Records from a collection:
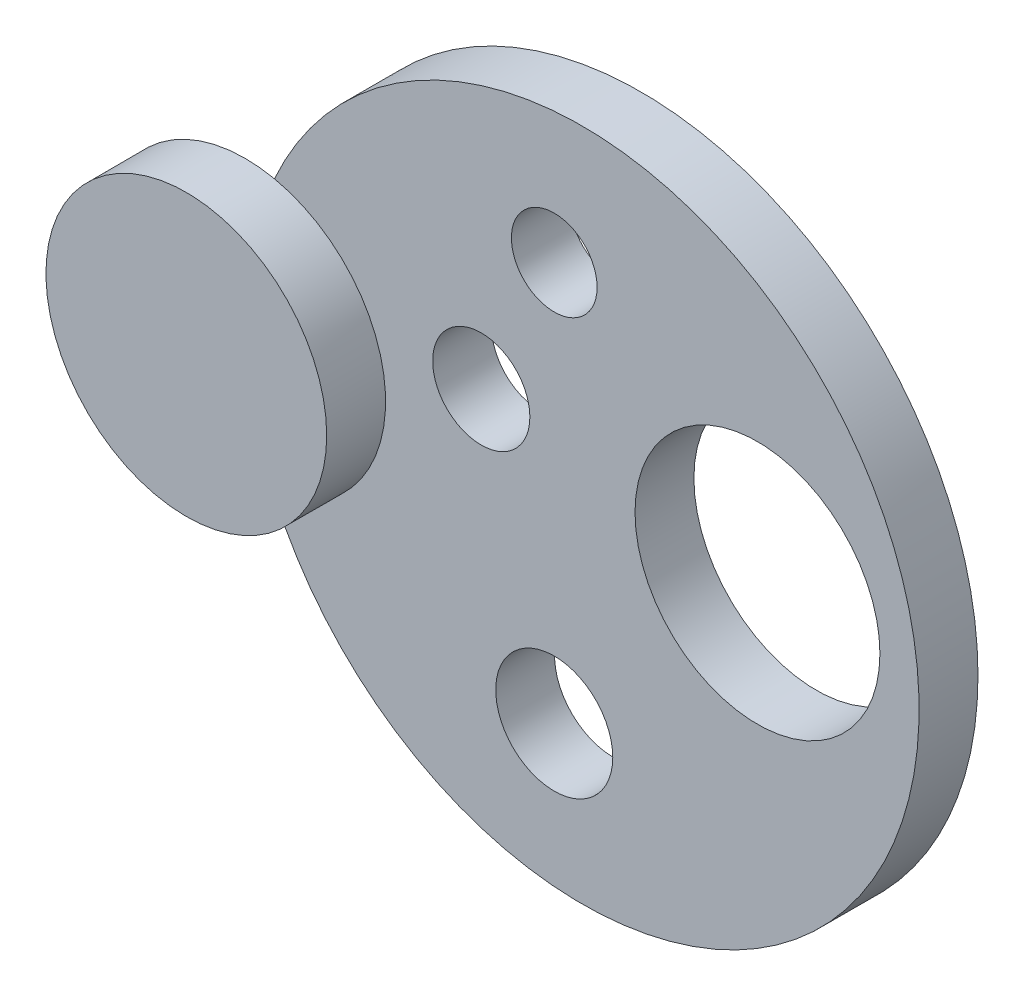
ISO-10303-21;
HEADER;
FILE_DESCRIPTION(('STEP AP214'),'2;1');
FILE_NAME('part.step','',(''),(''),'','','');
FILE_SCHEMA(('AUTOMOTIVE_DESIGN { 1 0 10303 214 1 1 1 1 }'));
ENDSEC;
DATA;
#1=APPLICATION_CONTEXT('core data for automotive mechanical design processes');
#2=APPLICATION_PROTOCOL_DEFINITION('international standard','automotive_design',2000,#1);
#3=PRODUCT_CONTEXT('',#1,'mechanical');
#4=PRODUCT('Part','Part','',(#3));
#5=PRODUCT_RELATED_PRODUCT_CATEGORY('part','',(#4));
#6=PRODUCT_DEFINITION_FORMATION('','',#4);
#7=PRODUCT_DEFINITION_CONTEXT('part definition',#1,'design');
#8=PRODUCT_DEFINITION('design','',#6,#7);
#9=PRODUCT_DEFINITION_SHAPE('','',#8);
#10=(LENGTH_UNIT() NAMED_UNIT(*) SI_UNIT(.MILLI.,.METRE.));
#11=(NAMED_UNIT(*) PLANE_ANGLE_UNIT() SI_UNIT($,.RADIAN.));
#12=(NAMED_UNIT(*) SI_UNIT($,.STERADIAN.) SOLID_ANGLE_UNIT());
#13=UNCERTAINTY_MEASURE_WITH_UNIT(LENGTH_MEASURE(1.E-05),#10,'distance_accuracy_value','');
#14=(GEOMETRIC_REPRESENTATION_CONTEXT(3) GLOBAL_UNCERTAINTY_ASSIGNED_CONTEXT((#13)) GLOBAL_UNIT_ASSIGNED_CONTEXT((#10,
#11,#12)) REPRESENTATION_CONTEXT('',''));
#15=CARTESIAN_POINT('',(0.,0.,0.));
#16=DIRECTION('',(0.,0.,1.));
#17=DIRECTION('',(1.,0.,0.));
#18=AXIS2_PLACEMENT_3D('',#15,#16,#17);
#19=CARTESIAN_POINT('',(0.,0.,10.));
#20=DIRECTION('',(0.,0.,1.));
#21=DIRECTION('',(1.,0.,0.));
#22=AXIS2_PLACEMENT_3D('',#19,#20,#21);
#23=PLANE('',#22);
#24=CARTESIAN_POINT('',(-17.1357797280188,9.96861022561217,10.));
#25=DIRECTION('',(0.,0.,1.));
#26=DIRECTION('',(1.,0.,0.));
#27=AXIS2_PLACEMENT_3D('',#24,#25,#26);
#28=CIRCLE('',#27,8.25458998638456);
#29=CARTESIAN_POINT('',(-8.88118974163421,9.96861022561217,10.));
#30=VERTEX_POINT('',#29);
#31=EDGE_CURVE('E79',#30,#30,#28,.T.);
#32=ORIENTED_EDGE('',*,*,#31,.F.);
#33=EDGE_LOOP('',(#32));
#34=FACE_BOUND('',#33,.T.);
#35=CARTESIAN_POINT('',(-57.2267029206175,0.,10.));
#36=DIRECTION('',(0.,0.,1.));
#37=DIRECTION('',(1.,0.,0.));
#38=AXIS2_PLACEMENT_3D('',#35,#36,#37);
#39=CIRCLE('',#38,23.8428595277048);
#40=CARTESIAN_POINT('',(-52.2597738346763,-23.3197677070998,10.));
#41=VERTEX_POINT('',#40);
#42=CARTESIAN_POINT('',(-52.2597738346763,23.3197677070998,10.));
#43=VERTEX_POINT('',#42);
#44=EDGE_CURVE('E11',#41,#43,#39,.T.);
#45=ORIENTED_EDGE('',*,*,#44,.F.);
#46=CARTESIAN_POINT('',(0.,0.,10.));
#47=DIRECTION('',(0.,0.,1.));
#48=DIRECTION('',(1.,0.,0.));
#49=AXIS2_PLACEMENT_3D('',#46,#47,#48);
#50=CIRCLE('',#49,57.2267029206175);
#51=EDGE_CURVE('E60',#41,#43,#50,.T.);
#52=ORIENTED_EDGE('',*,*,#51,.T.);
#53=EDGE_LOOP('',(#45,#52));
#54=FACE_BOUND('',#53,.T.);
#55=CARTESIAN_POINT('',(-4.74198966408268,-33.045918367347,10.));
#56=DIRECTION('',(0.,0.,1.));
#57=DIRECTION('',(1.,0.,0.));
#58=AXIS2_PLACEMENT_3D('',#55,#56,#57);
#59=CIRCLE('',#58,9.94018311761205);
#60=CARTESIAN_POINT('',(5.19819345352937,-33.045918367347,10.));
#61=VERTEX_POINT('',#60);
#62=EDGE_CURVE('E91',#61,#61,#59,.T.);
#63=ORIENTED_EDGE('',*,*,#62,.F.);
#64=EDGE_LOOP('',(#63));
#65=FACE_BOUND('',#64,.T.);
#66=CARTESIAN_POINT('',(-4.74198966408268,34.759410430839,10.));
#67=DIRECTION('',(0.,0.,1.));
#68=DIRECTION('',(1.,0.,0.));
#69=AXIS2_PLACEMENT_3D('',#66,#67,#68);
#70=CIRCLE('',#69,7.27796880395931);
#71=CARTESIAN_POINT('',(2.53597913987663,34.759410430839,10.));
#72=VERTEX_POINT('',#71);
#73=EDGE_CURVE('E99',#72,#72,#70,.T.);
#74=ORIENTED_EDGE('',*,*,#73,.F.);
#75=EDGE_LOOP('',(#74));
#76=FACE_BOUND('',#75,.T.);
#77=CARTESIAN_POINT('',(29.7726361862575,4.89569160997733,10.));
#78=DIRECTION('',(0.,0.,1.));
#79=DIRECTION('',(1.,0.,0.));
#80=AXIS2_PLACEMENT_3D('',#77,#78,#79);
#81=CIRCLE('',#80,20.7966075347722);
#82=CARTESIAN_POINT('',(50.5692437210297,4.89569160997733,10.));
#83=VERTEX_POINT('',#82);
#84=EDGE_CURVE('E83',#83,#83,#81,.T.);
#85=ORIENTED_EDGE('',*,*,#84,.F.);
#86=EDGE_LOOP('',(#85));
#87=FACE_BOUND('',#86,.T.);
#88=ADVANCED_FACE('F38',(#34,#54,#65,#76,#87),#23,.T.);
#89=CARTESIAN_POINT('',(0.,0.,0.));
#90=DIRECTION('',(0.,0.,1.));
#91=DIRECTION('',(1.,0.,0.));
#92=AXIS2_PLACEMENT_3D('',#89,#90,#91);
#93=PLANE('',#92);
#94=CARTESIAN_POINT('',(-17.1357797280188,9.96861022561217,0.));
#95=DIRECTION('',(0.,0.,1.));
#96=DIRECTION('',(1.,0.,0.));
#97=AXIS2_PLACEMENT_3D('',#94,#95,#96);
#98=CIRCLE('',#97,8.25458998638456);
#99=CARTESIAN_POINT('',(-8.88118974163421,9.96861022561217,0.));
#100=VERTEX_POINT('',#99);
#101=EDGE_CURVE('E72',#100,#100,#98,.T.);
#102=ORIENTED_EDGE('',*,*,#101,.T.);
#103=EDGE_LOOP('',(#102));
#104=FACE_BOUND('',#103,.T.);
#105=CARTESIAN_POINT('',(0.,0.,0.));
#106=DIRECTION('',(0.,0.,1.));
#107=DIRECTION('',(1.,0.,0.));
#108=AXIS2_PLACEMENT_3D('',#105,#106,#107);
#109=CIRCLE('',#108,57.2267029206175);
#110=CARTESIAN_POINT('',(57.2267029206175,0.,0.));
#111=VERTEX_POINT('',#110);
#112=EDGE_CURVE('E42',#111,#111,#109,.T.);
#113=ORIENTED_EDGE('',*,*,#112,.F.);
#114=EDGE_LOOP('',(#113));
#115=FACE_BOUND('',#114,.T.);
#116=CARTESIAN_POINT('',(-4.74198966408268,34.759410430839,0.));
#117=DIRECTION('',(0.,0.,1.));
#118=DIRECTION('',(1.,0.,0.));
#119=AXIS2_PLACEMENT_3D('',#116,#117,#118);
#120=CIRCLE('',#119,7.27796880395931);
#121=CARTESIAN_POINT('',(2.53597913987663,34.759410430839,0.));
#122=VERTEX_POINT('',#121);
#123=EDGE_CURVE('E95',#122,#122,#120,.T.);
#124=ORIENTED_EDGE('',*,*,#123,.T.);
#125=EDGE_LOOP('',(#124));
#126=FACE_BOUND('',#125,.T.);
#127=CARTESIAN_POINT('',(-4.74198966408268,-33.045918367347,0.));
#128=DIRECTION('',(0.,0.,1.));
#129=DIRECTION('',(1.,0.,0.));
#130=AXIS2_PLACEMENT_3D('',#127,#128,#129);
#131=CIRCLE('',#130,9.94018311761205);
#132=CARTESIAN_POINT('',(5.19819345352937,-33.045918367347,0.));
#133=VERTEX_POINT('',#132);
#134=EDGE_CURVE('E87',#133,#133,#131,.T.);
#135=ORIENTED_EDGE('',*,*,#134,.T.);
#136=EDGE_LOOP('',(#135));
#137=FACE_BOUND('',#136,.T.);
#138=CARTESIAN_POINT('',(29.7726361862575,4.89569160997733,0.));
#139=DIRECTION('',(0.,0.,1.));
#140=DIRECTION('',(1.,0.,0.));
#141=AXIS2_PLACEMENT_3D('',#138,#139,#140);
#142=CIRCLE('',#141,20.7966075347722);
#143=CARTESIAN_POINT('',(50.5692437210297,4.89569160997733,0.));
#144=VERTEX_POINT('',#143);
#145=EDGE_CURVE('E76',#144,#144,#142,.T.);
#146=ORIENTED_EDGE('',*,*,#145,.T.);
#147=EDGE_LOOP('',(#146));
#148=FACE_BOUND('',#147,.T.);
#149=ADVANCED_FACE('F107',(#104,#115,#126,#137,#148),#93,.F.);
#150=CARTESIAN_POINT('',(0.,0.,10.));
#151=DIRECTION('',(0.,0.,-1.));
#152=DIRECTION('',(-1.,0.,0.));
#153=AXIS2_PLACEMENT_3D('',#150,#151,#152);
#154=CYLINDRICAL_SURFACE('',#153,57.2267029206175);
#155=EDGE_CURVE('E48',#43,#41,#50,.T.);
#156=ORIENTED_EDGE('',*,*,#155,.F.);
#157=ORIENTED_EDGE('',*,*,#51,.F.);
#158=EDGE_LOOP('',(#156,#157));
#159=FACE_BOUND('',#158,.T.);
#160=ORIENTED_EDGE('',*,*,#112,.T.);
#161=EDGE_LOOP('',(#160));
#162=FACE_BOUND('',#161,.T.);
#163=ADVANCED_FACE('F40',(#159,#162),#154,.T.);
#164=CARTESIAN_POINT('',(-4.74198966408268,34.759410430839,10.));
#165=DIRECTION('',(0.,0.,-1.));
#166=DIRECTION('',(-1.,0.,0.));
#167=AXIS2_PLACEMENT_3D('',#164,#165,#166);
#168=CYLINDRICAL_SURFACE('',#167,7.27796880395931);
#169=ORIENTED_EDGE('',*,*,#73,.T.);
#170=EDGE_LOOP('',(#169));
#171=FACE_BOUND('',#170,.T.);
#172=ORIENTED_EDGE('',*,*,#123,.F.);
#173=EDGE_LOOP('',(#172));
#174=FACE_BOUND('',#173,.T.);
#175=ADVANCED_FACE('F110',(#171,#174),#168,.F.);
#176=CARTESIAN_POINT('',(-4.74198966408268,-33.045918367347,10.));
#177=DIRECTION('',(0.,0.,-1.));
#178=DIRECTION('',(-1.,0.,0.));
#179=AXIS2_PLACEMENT_3D('',#176,#177,#178);
#180=CYLINDRICAL_SURFACE('',#179,9.94018311761205);
#181=ORIENTED_EDGE('',*,*,#62,.T.);
#182=EDGE_LOOP('',(#181));
#183=FACE_BOUND('',#182,.T.);
#184=ORIENTED_EDGE('',*,*,#134,.F.);
#185=EDGE_LOOP('',(#184));
#186=FACE_BOUND('',#185,.T.);
#187=ADVANCED_FACE('F112',(#183,#186),#180,.F.);
#188=CARTESIAN_POINT('',(29.7726361862575,4.89569160997733,10.));
#189=DIRECTION('',(0.,0.,-1.));
#190=DIRECTION('',(-1.,0.,0.));
#191=AXIS2_PLACEMENT_3D('',#188,#189,#190);
#192=CYLINDRICAL_SURFACE('',#191,20.7966075347722);
#193=ORIENTED_EDGE('',*,*,#84,.T.);
#194=EDGE_LOOP('',(#193));
#195=FACE_BOUND('',#194,.T.);
#196=ORIENTED_EDGE('',*,*,#145,.F.);
#197=EDGE_LOOP('',(#196));
#198=FACE_BOUND('',#197,.T.);
#199=ADVANCED_FACE('F119',(#195,#198),#192,.F.);
#200=CARTESIAN_POINT('',(-57.2267029206175,0.,10.));
#201=DIRECTION('',(0.,0.,1.));
#202=DIRECTION('',(1.,0.,0.));
#203=AXIS2_PLACEMENT_3D('',#200,#201,#202);
#204=PLANE('',#203);
#205=EDGE_CURVE('E50',#43,#41,#39,.T.);
#206=ORIENTED_EDGE('',*,*,#205,.F.);
#207=ORIENTED_EDGE('',*,*,#155,.T.);
#208=EDGE_LOOP('',(#206,#207));
#209=FACE_BOUND('',#208,.T.);
#210=ADVANCED_FACE('F69',(#209),#204,.F.);
#211=CARTESIAN_POINT('',(-57.2267029206175,0.,20.));
#212=DIRECTION('',(0.,0.,-1.));
#213=DIRECTION('',(-1.,0.,0.));
#214=AXIS2_PLACEMENT_3D('',#211,#212,#213);
#215=CYLINDRICAL_SURFACE('',#214,23.8428595277048);
#216=CARTESIAN_POINT('',(-57.2267029206175,0.,20.));
#217=DIRECTION('',(0.,0.,1.));
#218=DIRECTION('',(1.,0.,0.));
#219=AXIS2_PLACEMENT_3D('',#216,#217,#218);
#220=CIRCLE('',#219,23.8428595277048);
#221=CARTESIAN_POINT('',(-33.3838433929127,0.,20.));
#222=VERTEX_POINT('',#221);
#223=EDGE_CURVE('E71',#222,#222,#220,.T.);
#224=ORIENTED_EDGE('',*,*,#223,.F.);
#225=EDGE_LOOP('',(#224));
#226=FACE_BOUND('',#225,.T.);
#227=ORIENTED_EDGE('',*,*,#205,.T.);
#228=ORIENTED_EDGE('',*,*,#44,.T.);
#229=EDGE_LOOP('',(#227,#228));
#230=FACE_BOUND('',#229,.T.);
#231=ADVANCED_FACE('F68',(#226,#230),#215,.T.);
#232=CARTESIAN_POINT('',(-57.2267029206175,0.,20.));
#233=DIRECTION('',(0.,0.,1.));
#234=DIRECTION('',(1.,0.,0.));
#235=AXIS2_PLACEMENT_3D('',#232,#233,#234);
#236=PLANE('',#235);
#237=ORIENTED_EDGE('',*,*,#223,.T.);
#238=EDGE_LOOP('',(#237));
#239=FACE_BOUND('',#238,.T.);
#240=ADVANCED_FACE('F137',(#239),#236,.T.);
#241=CARTESIAN_POINT('',(-17.1357797280188,9.96861022561217,0.));
#242=DIRECTION('',(0.,0.,1.));
#243=DIRECTION('',(1.,0.,0.));
#244=AXIS2_PLACEMENT_3D('',#241,#242,#243);
#245=CYLINDRICAL_SURFACE('',#244,8.25458998638456);
#246=ORIENTED_EDGE('',*,*,#101,.F.);
#247=EDGE_LOOP('',(#246));
#248=FACE_BOUND('',#247,.T.);
#249=ORIENTED_EDGE('',*,*,#31,.T.);
#250=EDGE_LOOP('',(#249));
#251=FACE_BOUND('',#250,.T.);
#252=ADVANCED_FACE('F135',(#248,#251),#245,.F.);
#253=CLOSED_SHELL('',(#88,#149,#163,#175,#187,#199,#210,#231,#240,#252));
#254=MANIFOLD_SOLID_BREP('B2',#253);
#255=ADVANCED_BREP_SHAPE_REPRESENTATION('',(#18,#254),#14);
#256=SHAPE_DEFINITION_REPRESENTATION(#9,#255);
ENDSEC;
END-ISO-10303-21;

_Exercise directions:_ Copy word for word the stretch of entries above from the line that has "#69=AXIS2_PLACEMENT_3D('',#66,#67,#68);" through the line that has "#109=CIRCLE('',#108,57.2267029206175);", both ends included, and nothing outside it.

_Written solution:_
#69=AXIS2_PLACEMENT_3D('',#66,#67,#68);
#70=CIRCLE('',#69,7.27796880395931);
#71=CARTESIAN_POINT('',(2.53597913987663,34.759410430839,10.));
#72=VERTEX_POINT('',#71);
#73=EDGE_CURVE('E99',#72,#72,#70,.T.);
#74=ORIENTED_EDGE('',*,*,#73,.F.);
#75=EDGE_LOOP('',(#74));
#76=FACE_BOUND('',#75,.T.);
#77=CARTESIAN_POINT('',(29.7726361862575,4.89569160997733,10.));
#78=DIRECTION('',(0.,0.,1.));
#79=DIRECTION('',(1.,0.,0.));
#80=AXIS2_PLACEMENT_3D('',#77,#78,#79);
#81=CIRCLE('',#80,20.7966075347722);
#82=CARTESIAN_POINT('',(50.5692437210297,4.89569160997733,10.));
#83=VERTEX_POINT('',#82);
#84=EDGE_CURVE('E83',#83,#83,#81,.T.);
#85=ORIENTED_EDGE('',*,*,#84,.F.);
#86=EDGE_LOOP('',(#85));
#87=FACE_BOUND('',#86,.T.);
#88=ADVANCED_FACE('F38',(#34,#54,#65,#76,#87),#23,.T.);
#89=CARTESIAN_POINT('',(0.,0.,0.));
#90=DIRECTION('',(0.,0.,1.));
#91=DIRECTION('',(1.,0.,0.));
#92=AXIS2_PLACEMENT_3D('',#89,#90,#91);
#93=PLANE('',#92);
#94=CARTESIAN_POINT('',(-17.1357797280188,9.96861022561217,0.));
#95=DIRECTION('',(0.,0.,1.));
#96=DIRECTION('',(1.,0.,0.));
#97=AXIS2_PLACEMENT_3D('',#94,#95,#96);
#98=CIRCLE('',#97,8.25458998638456);
#99=CARTESIAN_POINT('',(-8.88118974163421,9.96861022561217,0.));
#100=VERTEX_POINT('',#99);
#101=EDGE_CURVE('E72',#100,#100,#98,.T.);
#102=ORIENTED_EDGE('',*,*,#101,.T.);
#103=EDGE_LOOP('',(#102));
#104=FACE_BOUND('',#103,.T.);
#105=CARTESIAN_POINT('',(0.,0.,0.));
#106=DIRECTION('',(0.,0.,1.));
#107=DIRECTION('',(1.,0.,0.));
#108=AXIS2_PLACEMENT_3D('',#105,#106,#107);
#109=CIRCLE('',#108,57.2267029206175);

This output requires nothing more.